_What you have to do_
One part of the entries below is wanted: the lines from the one containing "circle A4 centre (-38.1, -36.195)" through the one containing "circle A1 centre (30, 0) radius 2". Write those out exactly and nothing else.

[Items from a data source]
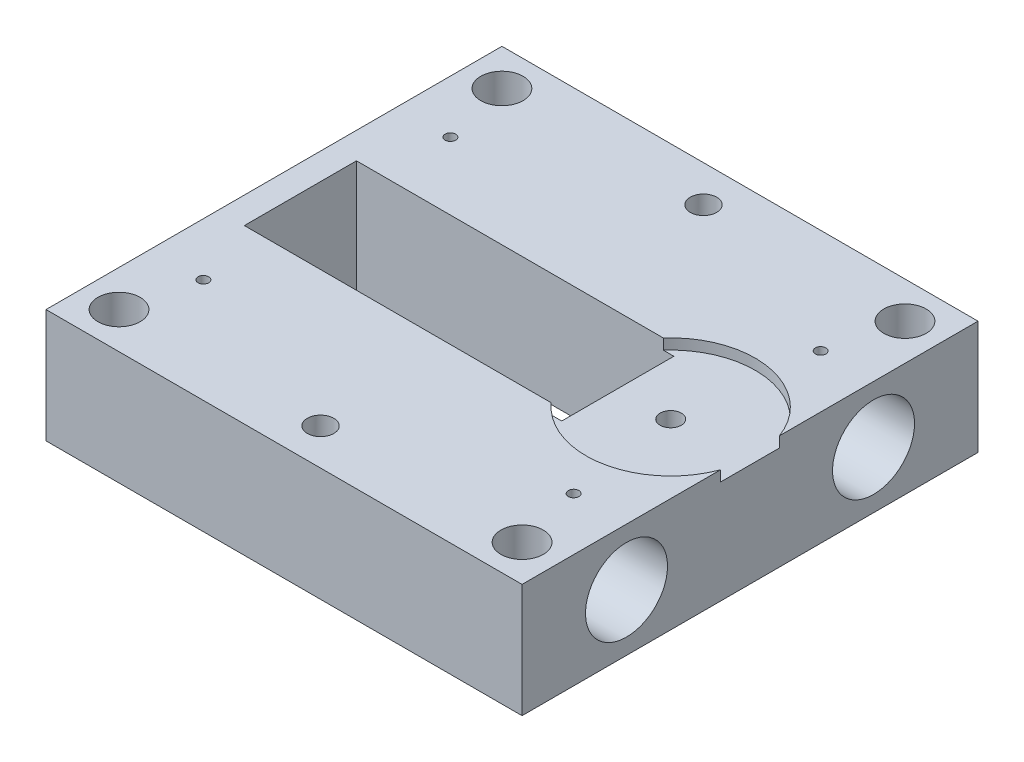
SolidWorks part; units mm, degrees
ref_plane "Front Plane" through (0, 0, 0) normal (0, 0, 1) x (1, 0, 0)
ref_plane "Top Plane" through (0, 0, 0) normal (0, 1, 0) x (1, 0, 0)
ref_plane "Right Plane" through (0, 0, 0) normal (1, 0, 0) x (0, 0, -1)
sketch "Sketch2" plane through (0, 0, 0) normal (1, 0, 0) x (0, 0, -1)
  line L0 (-23.35, 0) -> (23.35, 0) construction
  line L5 (-38.1, 0) -> (38.1, 0) construction
  line L6 (-43.1, -10.75) -> (43.1, -10.75)
  line L7 (-43.1, -10.75) -> (-43.1, 10.75)
  line L8 (-43.1, 10.75) -> (43.1, 10.75)
  line L9 (43.1, -10.75) -> (43.1, 10.75)
  line L10 (-43.1, -10.75) -> (43.1, 10.75) construction
  line L11 (-43.1, 10.75) -> (43.1, -10.75) construction
  circle A0 centre (-23.35, 0) radius 7.75
  circle A1 centre (23.35, 0) radius 7.75
  point P4 (0, 0)
  point P6 (0, 0)
  point P12 (-23.35, 7.75)
  point P14 (-31.1, 0)
  dimension "D1" = 15.5
  dimension "D2" = 3
  dimension "D3" = 76.2
  dimension "D4" = 5
  dimension "D5" = 7
extrude "Boss-Extrude1" add sketch "Sketch2" along normal mid plane 90
sketch "Sketch3" plane through (0, -10.75, 0) normal (0, -1, 0) x (1, 0, 0)
  line L1 (-38.1, -36.195) -> (38.1, -36.195) construction
  line L2 (-38.1, -36.195) -> (-38.1, 36.195) construction
  line L3 (-38.1, 36.195) -> (38.1, 36.195) construction
  line L4 (38.1, -36.195) -> (38.1, 36.195) construction
  line L5 (-38.1, -36.195) -> (38.1, 36.195) construction
  line L6 (-38.1, 36.195) -> (38.1, -36.195) construction
  circle A0 centre (-38.1, 36.195) radius 1.375
  circle A1 centre (38.1, 36.195) radius 1.375
  circle A2 centre (38.1, -36.195) radius 1.375
  circle A3 centre (-38.1, -36.195) radius 1.375
  point P0 (0, 0)
  dimension "D3" = 2.75
  dimension "D1" = 72.39
  dimension "D2" = 76.2
extrude "Cut-Extrude1" cut sketch "Sketch3" against normal through all
sketch "Sketch4" plane through (0, 10.75, 0) normal (0, 1, 0) x (1, 0, 0)
  circle A0 centre (-38.1, -36.195) radius 4
  circle A1 centre (-38.1, 36.195) radius 4
  circle A2 centre (38.1, 36.195) radius 4
  circle A3 centre (38.1, -36.195) radius 4
  dimension "D1" = 8
extrude "Cut-Extrude2" cut sketch "Sketch4" against normal offset from surface (18.5 mm away) 3 up to face at (-38.1, -10.75, -37.57)
sketch "Sketch5" plane through (0, 0, 0) normal (1, 0, 0) x (0, 0, -1)
  circle A0 centre (23.35, 0) radius 7.75 construction
  circle A1 centre (-23.35, 0) radius 7.75 construction
  circle A2 centre (23.35, 0) radius 7.75
  circle A3 centre (-23.35, 0) radius 7.75
  circle A4 centre (-23.35, 0) radius 5
  circle A5 centre (23.35, 0) radius 5
  dimension "D1" = 10
extrude "Boss-Extrude2" add sketch "Sketch5" along normal mid plane 42
sketch "Sketch6" plane through (0, 10.75, 0) normal (0, 1, 0) x (1, 0, 0)
  line L0 (45, 43.1) -> (45, -43.1) construction
  circle A0 centre (30, 0) radius 2
  circle A1 centre (0, -36.195) radius 2.5
  circle A2 centre (0, 36.195) radius 2.5
  circle A3 centre (-38.1, -36.195) radius 1.375 construction
  circle A4 centre (-38.1, -36.195) radius 1.375 construction
  circle A5 centre (-38.1, 36.195) radius 1.375 construction
  circle A6 centre (-38.1, 36.195) radius 1.375 construction
  dimension "D1" = 4
  dimension "D3" = 5
  dimension "D2" = 15
extrude "Cut-Extrude3" cut sketch "Sketch6" against normal through all
sketch "Sketch7" plane through (0, -10.75, 0) normal (0, -1, 0) x (1, 0, 0)
  circle A0 centre (30, 0) radius 5
  circle A1 centre (0, 36.195) radius 5
  circle A2 centre (0, -36.195) radius 5
  dimension "D1" = 10
extrude "Cut-Extrude4" cut sketch "Sketch7" against normal offset from surface (17.5 mm away) 4 up to face at (30, 10.75, 2)
sketch "Sketch8" plane through (0, 10.75, 0) normal (0, 1, 0) x (1, 0, 0)
  line L0 (45, -31.1) -> (45, -15.6) construction
  line L1 (35, 23.35) -> (-35, 23.35) construction
  line L2 (35, 23.35) -> (35, -23.35) construction
  line L3 (35, -23.35) -> (-35, -23.35) construction
  line L4 (-35, 23.35) -> (-35, -23.35) construction
  line L5 (35, 23.35) -> (-35, -23.35) construction
  line L6 (35, -23.35) -> (-35, 23.35) construction
  line L7 (45, -31.1) -> (45, -15.6) construction
  line L8 (45, 43.1) -> (45, -43.1) construction
  circle A0 centre (35, -23.35) radius 1
  circle A1 centre (-35, -23.35) radius 1
  circle A2 centre (-35, 23.35) radius 1
  circle A3 centre (35, 23.35) radius 1
  point P0 (0, 0)
  point P8 (45, -23.35)
  dimension "D2" = 2
  dimension "D1" = 10
extrude "Cut-Extrude5" cut sketch "Sketch8" against normal up to next
sketch "Sketch9" plane through (0, 10.75, 0) normal (0, 1, 0) x (1, 0, 0)
  line L0 (-21, -15.6) -> (-45, -15.6) construction
  line L1 (20, -10.6) -> (-40, -10.6)
  line L2 (20, -10.6) -> (20, 10.6)
  line L3 (20, 10.6) -> (-40, 10.6)
  line L4 (-40, -10.6) -> (-40, 10.6)
  line L5 (20, -10.6) -> (-40, 10.6) construction
  line L6 (20, 10.6) -> (-40, -10.6) construction
  line L7 (-45, 43.1) -> (-45, -43.1) construction
  circle A0 centre (30, 0) radius 5 construction
  circle A1 centre (30, 0) radius 2 construction
  circle A2 centre (30, 0) radius 2 construction
  point P0 (-10, 0)
  point P12 (25, 0)
  dimension "D1" = 5
  dimension "D2" = 5
  dimension "D3" = 5
extrude "Cut-Extrude6" cut sketch "Sketch9" against normal through all
sketch "Sketch10" plane through (0, 10.75, 0) normal (0, 1, 0) x (1, 0, 0)
  circle A0 centre (30, 0) radius 16
  dimension "D1" = 32
extrude "Cut-Extrude7" cut sketch "Sketch10" against normal blind 2
sketch "Sketch11" plane through (0, 6.75, 0) normal (0, -1, 0) x (1, 0, 0)
  circle A0 centre (30, 0) radius 2 construction
  circle A1 centre (30, 0) radius 5
  circle A2 centre (30, 0) radius 5
  circle A3 centre (30, 0) radius 2
  dimension "D1" = 0
extrude "Boss-Extrude3" add sketch "Sketch11" along normal offset from surface (2 mm away) 4 up to face at (28.1469, 8.75, 0)

_Task solution_
  circle A4 centre (-38.1, -36.195) radius 1.375 construction
  circle A5 centre (-38.1, 36.195) radius 1.375 construction
  circle A6 centre (-38.1, 36.195) radius 1.375 construction
  dimension "D1" = 4
  dimension "D3" = 5
  dimension "D2" = 15
extrude "Cut-Extrude3" cut sketch "Sketch6" against normal through all
sketch "Sketch7" plane through (0, -10.75, 0) normal (0, -1, 0) x (1, 0, 0)
  circle A0 centre (30, 0) radius 5
  circle A1 centre (0, 36.195) radius 5
  circle A2 centre (0, -36.195) radius 5
  dimension "D1" = 10
extrude "Cut-Extrude4" cut sketch "Sketch7" against normal offset from surface (17.5 mm away) 4 up to face at (30, 10.75, 2)
sketch "Sketch8" plane through (0, 10.75, 0) normal (0, 1, 0) x (1, 0, 0)
  line L0 (45, -31.1) -> (45, -15.6) construction
  line L1 (35, 23.35) -> (-35, 23.35) construction
  line L2 (35, 23.35) -> (35, -23.35) construction
  line L3 (35, -23.35) -> (-35, -23.35) construction
  line L4 (-35, 23.35) -> (-35, -23.35) construction
  line L5 (35, 23.35) -> (-35, -23.35) construction
  line L6 (35, -23.35) -> (-35, 23.35) construction
  line L7 (45, -31.1) -> (45, -15.6) construction
  line L8 (45, 43.1) -> (45, -43.1) construction
  circle A0 centre (35, -23.35) radius 1
  circle A1 centre (-35, -23.35) radius 1
  circle A2 centre (-35, 23.35) radius 1
  circle A3 centre (35, 23.35) radius 1
  point P0 (0, 0)
  point P8 (45, -23.35)
  dimension "D2" = 2
  dimension "D1" = 10
extrude "Cut-Extrude5" cut sketch "Sketch8" against normal up to next
sketch "Sketch9" plane through (0, 10.75, 0) normal (0, 1, 0) x (1, 0, 0)
  line L0 (-21, -15.6) -> (-45, -15.6) construction
  line L1 (20, -10.6) -> (-40, -10.6)
  line L2 (20, -10.6) -> (20, 10.6)
  line L3 (20, 10.6) -> (-40, 10.6)
  line L4 (-40, -10.6) -> (-40, 10.6)
  line L5 (20, -10.6) -> (-40, 10.6) construction
  line L6 (20, 10.6) -> (-40, -10.6) construction
  line L7 (-45, 43.1) -> (-45, -43.1) construction
  circle A0 centre (30, 0) radius 5 construction
  circle A1 centre (30, 0) radius 2 construction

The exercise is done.